There was more talk of Cabelas or a store like it in the soon to be vacant walmart in Minot.

TC


----------



## BIRDSHOOTER (Jul 18, 2005)

Springer said:


> > The one in East Grand Forks is in the middle of town.
> >
> > It should have been built along I-29.
> 
> ...


I think that's the price to pay to put in a Cabela's in your town. The new store in Rogers Minnesota got a 10 year tax break.


----------



## fishless (Aug 2, 2005)

That would be good for minot scheels has not had much competition since northwest sporting goods and big bear left


----------



## tail chaser (Sep 24, 2004)

You really notice it with gun prices no need to deal no competition! Except for walmart, kmart sad.

TC


----------



## Trapper62 (Mar 3, 2003)

The old Wal-mart would definately be a better local, much more parking!

I can keep hoping though can't I?


----------



## PJ (Oct 1, 2002)

Wal-Mart is the #1 sporting goods retailer.


----------



## Ron Gilmore (Jan 7, 2003)

While I understand your want for competition, ND is much better off with out them in the state! They are already influencing the price of land in and around the state of ND. No reason to give them any more opportunity!!!!!!!

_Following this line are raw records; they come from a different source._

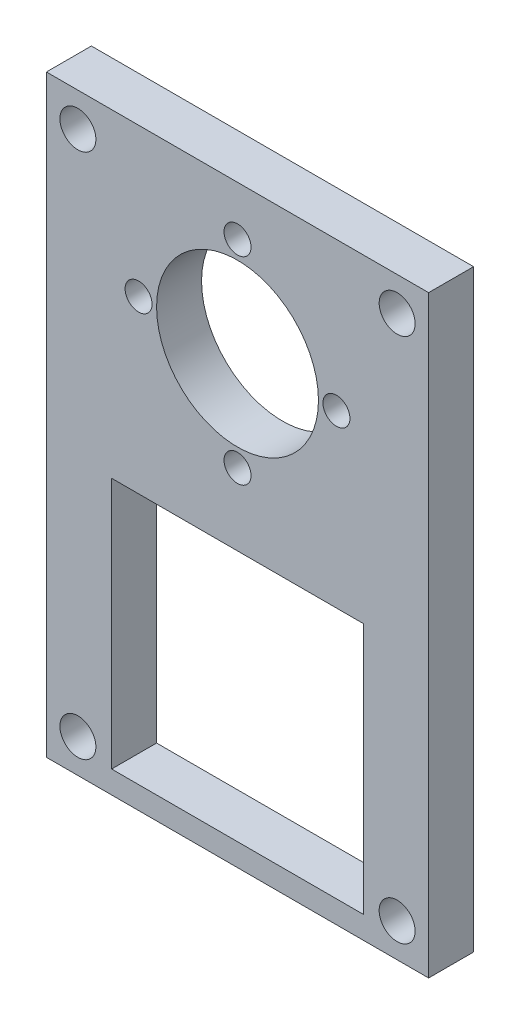
ISO-10303-21;
HEADER;
FILE_DESCRIPTION(('STEP AP214'),'2;1');
FILE_NAME('part.step','',(''),(''),'','','');
FILE_SCHEMA(('AUTOMOTIVE_DESIGN { 1 0 10303 214 1 1 1 1 }'));
ENDSEC;
DATA;
#1=APPLICATION_CONTEXT('core data for automotive mechanical design processes');
#2=APPLICATION_PROTOCOL_DEFINITION('international standard','automotive_design',2000,#1);
#3=PRODUCT_CONTEXT('',#1,'mechanical');
#4=PRODUCT('Part','Part','',(#3));
#5=PRODUCT_RELATED_PRODUCT_CATEGORY('part','',(#4));
#6=PRODUCT_DEFINITION_FORMATION('','',#4);
#7=PRODUCT_DEFINITION_CONTEXT('part definition',#1,'design');
#8=PRODUCT_DEFINITION('design','',#6,#7);
#9=PRODUCT_DEFINITION_SHAPE('','',#8);
#10=(LENGTH_UNIT() NAMED_UNIT(*) SI_UNIT(.MILLI.,.METRE.));
#11=(NAMED_UNIT(*) PLANE_ANGLE_UNIT() SI_UNIT($,.RADIAN.));
#12=(NAMED_UNIT(*) SI_UNIT($,.STERADIAN.) SOLID_ANGLE_UNIT());
#13=UNCERTAINTY_MEASURE_WITH_UNIT(LENGTH_MEASURE(1.E-05),#10,'distance_accuracy_value','');
#14=(GEOMETRIC_REPRESENTATION_CONTEXT(3) GLOBAL_UNCERTAINTY_ASSIGNED_CONTEXT((#13)) GLOBAL_UNIT_ASSIGNED_CONTEXT((#10,
#11,#12)) REPRESENTATION_CONTEXT('',''));
#15=CARTESIAN_POINT('',(0.,0.,0.));
#16=DIRECTION('',(0.,0.,1.));
#17=DIRECTION('',(1.,0.,0.));
#18=AXIS2_PLACEMENT_3D('',#15,#16,#17);
#19=CARTESIAN_POINT('',(21.25,33.,5.));
#20=DIRECTION('',(-1.,0.,0.));
#21=DIRECTION('',(0.,-1.,0.));
#22=AXIS2_PLACEMENT_3D('',#19,#20,#21);
#23=PLANE('',#22);
#24=DIRECTION('',(0.,1.,0.));
#25=VECTOR('',#24,1.);
#26=CARTESIAN_POINT('',(21.25,33.,0.));
#27=LINE('',#26,#25);
#28=CARTESIAN_POINT('',(21.25,-33.,0.));
#29=VERTEX_POINT('',#28);
#30=CARTESIAN_POINT('',(21.25,33.,0.));
#31=VERTEX_POINT('',#30);
#32=EDGE_CURVE('E169',#29,#31,#27,.T.);
#33=ORIENTED_EDGE('',*,*,#32,.T.);
#34=DIRECTION('',(0.,0.,-1.));
#35=VECTOR('',#34,1.);
#36=CARTESIAN_POINT('',(21.25,33.,5.));
#37=LINE('',#36,#35);
#38=CARTESIAN_POINT('',(21.25,33.,5.));
#39=VERTEX_POINT('',#38);
#40=EDGE_CURVE('E11',#39,#31,#37,.T.);
#41=ORIENTED_EDGE('',*,*,#40,.F.);
#42=DIRECTION('',(0.,1.,0.));
#43=VECTOR('',#42,1.);
#44=CARTESIAN_POINT('',(21.25,33.,5.));
#45=LINE('',#44,#43);
#46=CARTESIAN_POINT('',(21.25,-33.,5.));
#47=VERTEX_POINT('',#46);
#48=EDGE_CURVE('E172',#47,#39,#45,.T.);
#49=ORIENTED_EDGE('',*,*,#48,.F.);
#50=DIRECTION('',(0.,0.,-1.));
#51=VECTOR('',#50,1.);
#52=CARTESIAN_POINT('',(21.25,-33.,5.));
#53=LINE('',#52,#51);
#54=EDGE_CURVE('E182',#47,#29,#53,.T.);
#55=ORIENTED_EDGE('',*,*,#54,.T.);
#56=EDGE_LOOP('',(#33,#41,#49,#55));
#57=FACE_BOUND('',#56,.T.);
#58=ADVANCED_FACE('F37',(#57),#23,.F.);
#59=CARTESIAN_POINT('',(-21.25,33.,5.));
#60=DIRECTION('',(0.,-1.,0.));
#61=DIRECTION('',(0.,0.,-1.));
#62=AXIS2_PLACEMENT_3D('',#59,#60,#61);
#63=PLANE('',#62);
#64=DIRECTION('',(-1.,0.,0.));
#65=VECTOR('',#64,1.);
#66=CARTESIAN_POINT('',(-21.25,33.,0.));
#67=LINE('',#66,#65);
#68=CARTESIAN_POINT('',(-21.25,33.,0.));
#69=VERTEX_POINT('',#68);
#70=EDGE_CURVE('E185',#31,#69,#67,.T.);
#71=ORIENTED_EDGE('',*,*,#70,.T.);
#72=DIRECTION('',(0.,0.,-1.));
#73=VECTOR('',#72,1.);
#74=CARTESIAN_POINT('',(-21.25,33.,5.));
#75=LINE('',#74,#73);
#76=CARTESIAN_POINT('',(-21.25,33.,5.));
#77=VERTEX_POINT('',#76);
#78=EDGE_CURVE('E44',#77,#69,#75,.T.);
#79=ORIENTED_EDGE('',*,*,#78,.F.);
#80=DIRECTION('',(-1.,0.,0.));
#81=VECTOR('',#80,1.);
#82=CARTESIAN_POINT('',(-21.25,33.,5.));
#83=LINE('',#82,#81);
#84=EDGE_CURVE('E175',#39,#77,#83,.T.);
#85=ORIENTED_EDGE('',*,*,#84,.F.);
#86=ORIENTED_EDGE('',*,*,#40,.T.);
#87=EDGE_LOOP('',(#71,#79,#85,#86));
#88=FACE_BOUND('',#87,.T.);
#89=ADVANCED_FACE('F214',(#88),#63,.F.);
#90=CARTESIAN_POINT('',(-21.25,33.,5.));
#91=DIRECTION('',(1.,0.,0.));
#92=DIRECTION('',(0.,1.,0.));
#93=AXIS2_PLACEMENT_3D('',#90,#91,#92);
#94=PLANE('',#93);
#95=DIRECTION('',(0.,-1.,0.));
#96=VECTOR('',#95,1.);
#97=CARTESIAN_POINT('',(-21.25,33.,0.));
#98=LINE('',#97,#96);
#99=CARTESIAN_POINT('',(-21.25,-33.,0.));
#100=VERTEX_POINT('',#99);
#101=EDGE_CURVE('E187',#69,#100,#98,.T.);
#102=ORIENTED_EDGE('',*,*,#101,.T.);
#103=DIRECTION('',(0.,0.,-1.));
#104=VECTOR('',#103,1.);
#105=CARTESIAN_POINT('',(-21.25,-33.,5.));
#106=LINE('',#105,#104);
#107=CARTESIAN_POINT('',(-21.25,-33.,5.));
#108=VERTEX_POINT('',#107);
#109=EDGE_CURVE('E192',#108,#100,#106,.T.);
#110=ORIENTED_EDGE('',*,*,#109,.F.);
#111=DIRECTION('',(0.,-1.,0.));
#112=VECTOR('',#111,1.);
#113=CARTESIAN_POINT('',(-21.25,33.,5.));
#114=LINE('',#113,#112);
#115=EDGE_CURVE('E178',#77,#108,#114,.T.);
#116=ORIENTED_EDGE('',*,*,#115,.F.);
#117=ORIENTED_EDGE('',*,*,#78,.T.);
#118=EDGE_LOOP('',(#102,#110,#116,#117));
#119=FACE_BOUND('',#118,.T.);
#120=ADVANCED_FACE('F199',(#119),#94,.F.);
#121=CARTESIAN_POINT('',(-21.25,-33.,5.));
#122=DIRECTION('',(0.,1.,0.));
#123=DIRECTION('',(0.,0.,1.));
#124=AXIS2_PLACEMENT_3D('',#121,#122,#123);
#125=PLANE('',#124);
#126=DIRECTION('',(1.,0.,0.));
#127=VECTOR('',#126,1.);
#128=CARTESIAN_POINT('',(-21.25,-33.,0.));
#129=LINE('',#128,#127);
#130=EDGE_CURVE('E176',#100,#29,#129,.T.);
#131=ORIENTED_EDGE('',*,*,#130,.T.);
#132=ORIENTED_EDGE('',*,*,#54,.F.);
#133=DIRECTION('',(1.,0.,0.));
#134=VECTOR('',#133,1.);
#135=CARTESIAN_POINT('',(-21.25,-33.,5.));
#136=LINE('',#135,#134);
#137=EDGE_CURVE('E180',#108,#47,#136,.T.);
#138=ORIENTED_EDGE('',*,*,#137,.F.);
#139=ORIENTED_EDGE('',*,*,#109,.T.);
#140=EDGE_LOOP('',(#131,#132,#138,#139));
#141=FACE_BOUND('',#140,.T.);
#142=ADVANCED_FACE('F207',(#141),#125,.F.);
#143=CARTESIAN_POINT('',(0.,0.,5.));
#144=DIRECTION('',(0.,0.,1.));
#145=DIRECTION('',(1.,0.,0.));
#146=AXIS2_PLACEMENT_3D('',#143,#144,#145);
#147=PLANE('',#146);
#148=CARTESIAN_POINT('',(17.75,29.25,5.));
#149=DIRECTION('',(0.,0.,1.));
#150=DIRECTION('',(1.,0.,0.));
#151=AXIS2_PLACEMENT_3D('',#148,#149,#150);
#152=CIRCLE('',#151,2.);
#153=CARTESIAN_POINT('',(19.75,29.25,5.));
#154=VERTEX_POINT('',#153);
#155=EDGE_CURVE('E293',#154,#154,#152,.T.);
#156=ORIENTED_EDGE('',*,*,#155,.F.);
#157=EDGE_LOOP('',(#156));
#158=FACE_BOUND('',#157,.T.);
#159=CARTESIAN_POINT('',(-17.75,-29.25,5.));
#160=DIRECTION('',(0.,0.,1.));
#161=DIRECTION('',(1.,0.,0.));
#162=AXIS2_PLACEMENT_3D('',#159,#160,#161);
#163=CIRCLE('',#162,2.);
#164=CARTESIAN_POINT('',(-15.75,-29.25,5.));
#165=VERTEX_POINT('',#164);
#166=EDGE_CURVE('E289',#165,#165,#163,.T.);
#167=ORIENTED_EDGE('',*,*,#166,.F.);
#168=EDGE_LOOP('',(#167));
#169=FACE_BOUND('',#168,.T.);
#170=CARTESIAN_POINT('',(17.75,-29.25,5.));
#171=DIRECTION('',(0.,0.,1.));
#172=DIRECTION('',(1.,0.,0.));
#173=AXIS2_PLACEMENT_3D('',#170,#171,#172);
#174=CIRCLE('',#173,2.00000000000001);
#175=CARTESIAN_POINT('',(19.75,-29.25,5.));
#176=VERTEX_POINT('',#175);
#177=EDGE_CURVE('E284',#176,#176,#174,.T.);
#178=ORIENTED_EDGE('',*,*,#177,.F.);
#179=EDGE_LOOP('',(#178));
#180=FACE_BOUND('',#179,.T.);
#181=CARTESIAN_POINT('',(-17.75,29.25,5.));
#182=DIRECTION('',(0.,0.,1.));
#183=DIRECTION('',(1.,0.,0.));
#184=AXIS2_PLACEMENT_3D('',#181,#182,#183);
#185=CIRCLE('',#184,2.);
#186=CARTESIAN_POINT('',(-15.75,29.25,5.));
#187=VERTEX_POINT('',#186);
#188=EDGE_CURVE('E125',#187,#187,#185,.T.);
#189=ORIENTED_EDGE('',*,*,#188,.F.);
#190=EDGE_LOOP('',(#189));
#191=FACE_BOUND('',#190,.T.);
#192=DIRECTION('',(0.,1.,0.));
#193=VECTOR('',#192,1.);
#194=CARTESIAN_POINT('',(14.,-2.5,5.));
#195=LINE('',#194,#193);
#196=CARTESIAN_POINT('',(14.,-30.5,5.));
#197=VERTEX_POINT('',#196);
#198=CARTESIAN_POINT('',(14.,-2.5,5.));
#199=VERTEX_POINT('',#198);
#200=EDGE_CURVE('E51',#197,#199,#195,.T.);
#201=ORIENTED_EDGE('',*,*,#200,.F.);
#202=DIRECTION('',(1.,0.,0.));
#203=VECTOR('',#202,1.);
#204=CARTESIAN_POINT('',(-14.,-30.5,5.));
#205=LINE('',#204,#203);
#206=CARTESIAN_POINT('',(-14.,-30.5,5.));
#207=VERTEX_POINT('',#206);
#208=EDGE_CURVE('E119',#207,#197,#205,.T.);
#209=ORIENTED_EDGE('',*,*,#208,.F.);
#210=DIRECTION('',(0.,-1.,0.));
#211=VECTOR('',#210,1.);
#212=CARTESIAN_POINT('',(-14.,-2.5,5.));
#213=LINE('',#212,#211);
#214=CARTESIAN_POINT('',(-14.,-2.5,5.));
#215=VERTEX_POINT('',#214);
#216=EDGE_CURVE('E122',#215,#207,#213,.T.);
#217=ORIENTED_EDGE('',*,*,#216,.F.);
#218=DIRECTION('',(-1.,0.,0.));
#219=VECTOR('',#218,1.);
#220=CARTESIAN_POINT('',(-14.,-2.5,5.));
#221=LINE('',#220,#219);
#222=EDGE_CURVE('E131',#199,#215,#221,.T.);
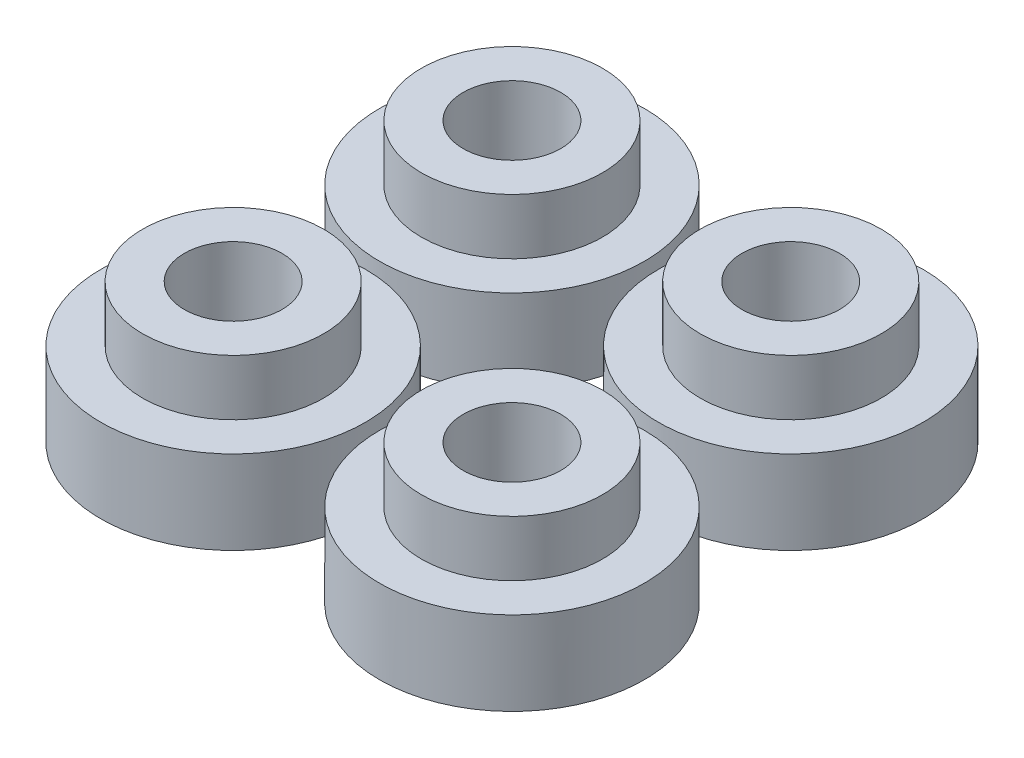
ISO-10303-21;
HEADER;
FILE_DESCRIPTION(('STEP AP214'),'2;1');
FILE_NAME('part.step','',(''),(''),'','','');
FILE_SCHEMA(('AUTOMOTIVE_DESIGN { 1 0 10303 214 1 1 1 1 }'));
ENDSEC;
DATA;
#1=APPLICATION_CONTEXT('core data for automotive mechanical design processes');
#2=APPLICATION_PROTOCOL_DEFINITION('international standard','automotive_design',2000,#1);
#3=PRODUCT_CONTEXT('',#1,'mechanical');
#4=PRODUCT('Part','Part','',(#3));
#5=PRODUCT_RELATED_PRODUCT_CATEGORY('part','',(#4));
#6=PRODUCT_DEFINITION_FORMATION('','',#4);
#7=PRODUCT_DEFINITION_CONTEXT('part definition',#1,'design');
#8=PRODUCT_DEFINITION('design','',#6,#7);
#9=PRODUCT_DEFINITION_SHAPE('','',#8);
#10=(LENGTH_UNIT() NAMED_UNIT(*) SI_UNIT(.MILLI.,.METRE.));
#11=(NAMED_UNIT(*) PLANE_ANGLE_UNIT() SI_UNIT($,.RADIAN.));
#12=(NAMED_UNIT(*) SI_UNIT($,.STERADIAN.) SOLID_ANGLE_UNIT());
#13=UNCERTAINTY_MEASURE_WITH_UNIT(LENGTH_MEASURE(1.E-05),#10,'distance_accuracy_value','');
#14=(GEOMETRIC_REPRESENTATION_CONTEXT(3) GLOBAL_UNCERTAINTY_ASSIGNED_CONTEXT((#13)) GLOBAL_UNIT_ASSIGNED_CONTEXT((#10,
#11,#12)) REPRESENTATION_CONTEXT('',''));
#15=CARTESIAN_POINT('',(0.,0.,0.));
#16=DIRECTION('',(0.,0.,1.));
#17=DIRECTION('',(1.,0.,0.));
#18=AXIS2_PLACEMENT_3D('',#15,#16,#17);
#19=CARTESIAN_POINT('',(4.75,0.,0.));
#20=DIRECTION('',(0.,-1.,0.));
#21=DIRECTION('',(0.,0.,-1.));
#22=AXIS2_PLACEMENT_3D('',#19,#20,#21);
#23=PLANE('',#22);
#24=CARTESIAN_POINT('',(0.,0.,0.));
#25=DIRECTION('',(0.,-1.,0.));
#26=DIRECTION('',(0.,0.,-1.));
#27=AXIS2_PLACEMENT_3D('',#24,#25,#26);
#28=CIRCLE('',#27,1.75);
#29=CARTESIAN_POINT('',(0.,0.,-1.75));
#30=VERTEX_POINT('',#29);
#31=EDGE_CURVE('E59',#30,#30,#28,.T.);
#32=ORIENTED_EDGE('',*,*,#31,.F.);
#33=EDGE_LOOP('',(#32));
#34=FACE_BOUND('',#33,.T.);
#35=CARTESIAN_POINT('',(0.,0.,0.));
#36=DIRECTION('',(0.,-1.,0.));
#37=DIRECTION('',(0.,0.,-1.));
#38=AXIS2_PLACEMENT_3D('',#35,#36,#37);
#39=CIRCLE('',#38,4.75);
#40=CARTESIAN_POINT('',(0.,0.,-4.75));
#41=VERTEX_POINT('',#40);
#42=EDGE_CURVE('E43',#41,#41,#39,.T.);
#43=ORIENTED_EDGE('',*,*,#42,.T.);
#44=EDGE_LOOP('',(#43));
#45=FACE_BOUND('',#44,.T.);
#46=ADVANCED_FACE('F39',(#34,#45),#23,.T.);
#47=CARTESIAN_POINT('',(0.,0.,0.));
#48=DIRECTION('',(0.,-1.,0.));
#49=DIRECTION('',(0.,0.,-1.));
#50=AXIS2_PLACEMENT_3D('',#47,#48,#49);
#51=CYLINDRICAL_SURFACE('',#50,1.75);
#52=ORIENTED_EDGE('',*,*,#31,.T.);
#53=EDGE_LOOP('',(#52));
#54=FACE_BOUND('',#53,.T.);
#55=CARTESIAN_POINT('',(0.,5.,0.));
#56=DIRECTION('',(0.,-1.,0.));
#57=DIRECTION('',(0.,0.,-1.));
#58=AXIS2_PLACEMENT_3D('',#55,#56,#57);
#59=CIRCLE('',#58,1.75);
#60=CARTESIAN_POINT('',(0.,5.,-1.75));
#61=VERTEX_POINT('',#60);
#62=EDGE_CURVE('E56',#61,#61,#59,.T.);
#63=ORIENTED_EDGE('',*,*,#62,.F.);
#64=EDGE_LOOP('',(#63));
#65=FACE_BOUND('',#64,.T.);
#66=ADVANCED_FACE('F75',(#54,#65),#51,.F.);
#67=CARTESIAN_POINT('',(1.75,5.,0.));
#68=DIRECTION('',(0.,1.,0.));
#69=DIRECTION('',(0.,0.,1.));
#70=AXIS2_PLACEMENT_3D('',#67,#68,#69);
#71=PLANE('',#70);
#72=ORIENTED_EDGE('',*,*,#62,.T.);
#73=EDGE_LOOP('',(#72));
#74=FACE_BOUND('',#73,.T.);
#75=CARTESIAN_POINT('',(0.,5.,0.));
#76=DIRECTION('',(0.,-1.,0.));
#77=DIRECTION('',(0.,0.,-1.));
#78=AXIS2_PLACEMENT_3D('',#75,#76,#77);
#79=CIRCLE('',#78,3.25);
#80=CARTESIAN_POINT('',(0.,5.,-3.25));
#81=VERTEX_POINT('',#80);
#82=EDGE_CURVE('E51',#81,#81,#79,.T.);
#83=ORIENTED_EDGE('',*,*,#82,.F.);
#84=EDGE_LOOP('',(#83));
#85=FACE_BOUND('',#84,.T.);
#86=ADVANCED_FACE('F81',(#74,#85),#71,.T.);
#87=CARTESIAN_POINT('',(0.,0.,0.));
#88=DIRECTION('',(0.,-1.,0.));
#89=DIRECTION('',(0.,0.,-1.));
#90=AXIS2_PLACEMENT_3D('',#87,#88,#89);
#91=CYLINDRICAL_SURFACE('',#90,3.25);
#92=ORIENTED_EDGE('',*,*,#82,.T.);
#93=EDGE_LOOP('',(#92));
#94=FACE_BOUND('',#93,.T.);
#95=CARTESIAN_POINT('',(0.,3.,0.));
#96=DIRECTION('',(0.,-1.,0.));
#97=DIRECTION('',(0.,0.,-1.));
#98=AXIS2_PLACEMENT_3D('',#95,#96,#97);
#99=CIRCLE('',#98,3.25);
#100=CARTESIAN_POINT('',(0.,3.,-3.25));
#101=VERTEX_POINT('',#100);
#102=EDGE_CURVE('E47',#101,#101,#99,.T.);
#103=ORIENTED_EDGE('',*,*,#102,.F.);
#104=EDGE_LOOP('',(#103));
#105=FACE_BOUND('',#104,.T.);
#106=ADVANCED_FACE('F72',(#94,#105),#91,.T.);
#107=CARTESIAN_POINT('',(3.25,3.,0.));
#108=DIRECTION('',(0.,1.,0.));
#109=DIRECTION('',(0.,0.,1.));
#110=AXIS2_PLACEMENT_3D('',#107,#108,#109);
#111=PLANE('',#110);
#112=ORIENTED_EDGE('',*,*,#102,.T.);
#113=EDGE_LOOP('',(#112));
#114=FACE_BOUND('',#113,.T.);
#115=CARTESIAN_POINT('',(0.,3.,0.));
#116=DIRECTION('',(0.,-1.,0.));
#117=DIRECTION('',(0.,0.,-1.));
#118=AXIS2_PLACEMENT_3D('',#115,#116,#117);
#119=CIRCLE('',#118,4.75);
#120=CARTESIAN_POINT('',(0.,3.,-4.75));
#121=VERTEX_POINT('',#120);
#122=EDGE_CURVE('E11',#121,#121,#119,.T.);
#123=ORIENTED_EDGE('',*,*,#122,.F.);
#124=EDGE_LOOP('',(#123));
#125=FACE_BOUND('',#124,.T.);
#126=ADVANCED_FACE('F68',(#114,#125),#111,.T.);
#127=CARTESIAN_POINT('',(0.,0.,0.));
#128=DIRECTION('',(0.,-1.,0.));
#129=DIRECTION('',(0.,0.,-1.));
#130=AXIS2_PLACEMENT_3D('',#127,#128,#129);
#131=CYLINDRICAL_SURFACE('',#130,4.75);
#132=ORIENTED_EDGE('',*,*,#122,.T.);
#133=EDGE_LOOP('',(#132));
#134=FACE_BOUND('',#133,.T.);
#135=ORIENTED_EDGE('',*,*,#42,.F.);
#136=EDGE_LOOP('',(#135));
#137=FACE_BOUND('',#136,.T.);
#138=ADVANCED_FACE('F41',(#134,#137),#131,.T.);
#139=CLOSED_SHELL('',(#46,#66,#86,#106,#126,#138));
#140=MANIFOLD_SOLID_BREP('B2',#139);
#141=CARTESIAN_POINT('',(10.,0.,10.));
#142=DIRECTION('',(0.,-1.,0.));
#143=DIRECTION('',(0.,0.,-1.));
#144=AXIS2_PLACEMENT_3D('',#141,#142,#143);
#145=CYLINDRICAL_SURFACE('',#144,3.25);
#146=CARTESIAN_POINT('',(10.,5.,10.));
#147=DIRECTION('',(0.,-1.,0.));
#148=DIRECTION('',(0.,0.,-1.));
#149=AXIS2_PLACEMENT_3D('',#146,#147,#148);
#150=CIRCLE('',#149,3.25);
#151=CARTESIAN_POINT('',(10.,5.,6.75));
#152=VERTEX_POINT('',#151);
#153=EDGE_CURVE('E161',#152,#152,#150,.T.);
#154=ORIENTED_EDGE('',*,*,#153,.T.);
#155=EDGE_LOOP('',(#154));
#156=FACE_BOUND('',#155,.T.);
#157=CARTESIAN_POINT('',(10.,3.,10.));
#158=DIRECTION('',(0.,-1.,0.));
#159=DIRECTION('',(0.,0.,-1.));
#160=AXIS2_PLACEMENT_3D('',#157,#158,#159);
#161=CIRCLE('',#160,3.25);
#162=CARTESIAN_POINT('',(10.,3.,6.75));
#163=VERTEX_POINT('',#162);
#164=EDGE_CURVE('E157',#163,#163,#161,.T.);
#165=ORIENTED_EDGE('',*,*,#164,.F.);
#166=EDGE_LOOP('',(#165));
#167=FACE_BOUND('',#166,.T.);
#168=ADVANCED_FACE('F141',(#156,#167),#145,.T.);
#169=CARTESIAN_POINT('',(11.75,5.,10.));
#170=DIRECTION('',(0.,1.,0.));
#171=DIRECTION('',(0.,0.,1.));
#172=AXIS2_PLACEMENT_3D('',#169,#170,#171);
#173=PLANE('',#172);
#174=CARTESIAN_POINT('',(10.,5.,10.));
#175=DIRECTION('',(0.,-1.,0.));
#176=DIRECTION('',(0.,0.,-1.));
#177=AXIS2_PLACEMENT_3D('',#174,#175,#176);
#178=CIRCLE('',#177,1.75);
#179=CARTESIAN_POINT('',(10.,5.,8.25));
#180=VERTEX_POINT('',#179);
#181=EDGE_CURVE('E158',#180,#180,#178,.T.);
#182=ORIENTED_EDGE('',*,*,#181,.T.);
#183=EDGE_LOOP('',(#182));
#184=FACE_BOUND('',#183,.T.);
#185=ORIENTED_EDGE('',*,*,#153,.F.);
#186=EDGE_LOOP('',(#185));
#187=FACE_BOUND('',#186,.T.);
#188=ADVANCED_FACE('F170',(#184,#187),#173,.T.);
#189=CARTESIAN_POINT('',(13.25,3.,10.));
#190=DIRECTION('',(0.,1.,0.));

Only if the product is at or near wholesale will I buy anything from them!


----------



## Van Wey (Jul 15, 2005)

Sorry, but you cant beat Cabelas!!!


----------



## djleye (Nov 14, 2002)

So Ron, your ethics can be bought?????


----------



## tail chaser (Sep 24, 2004)

Ron, don't get me wrong I hate big companies that pay crap and get handouts like walmart and cabelas. I was just stating facts or things I have heard not what I believe in. Does anybody know what Cabela's pays? I know guys who work at sheels and its not as if you are wearing a blue smock for 8k a year! but its not the best thing in the world. I was shocked to hear Cabela's got a handout at our expense but than again I wasn't, thats business as usual now days.

TC


----------



## Ron Gilmore (Jan 7, 2003)

Dan I see your point! I guess paying more at another outlet would more than likely insure that place stays around! I guess I should rethink my position! Thanks!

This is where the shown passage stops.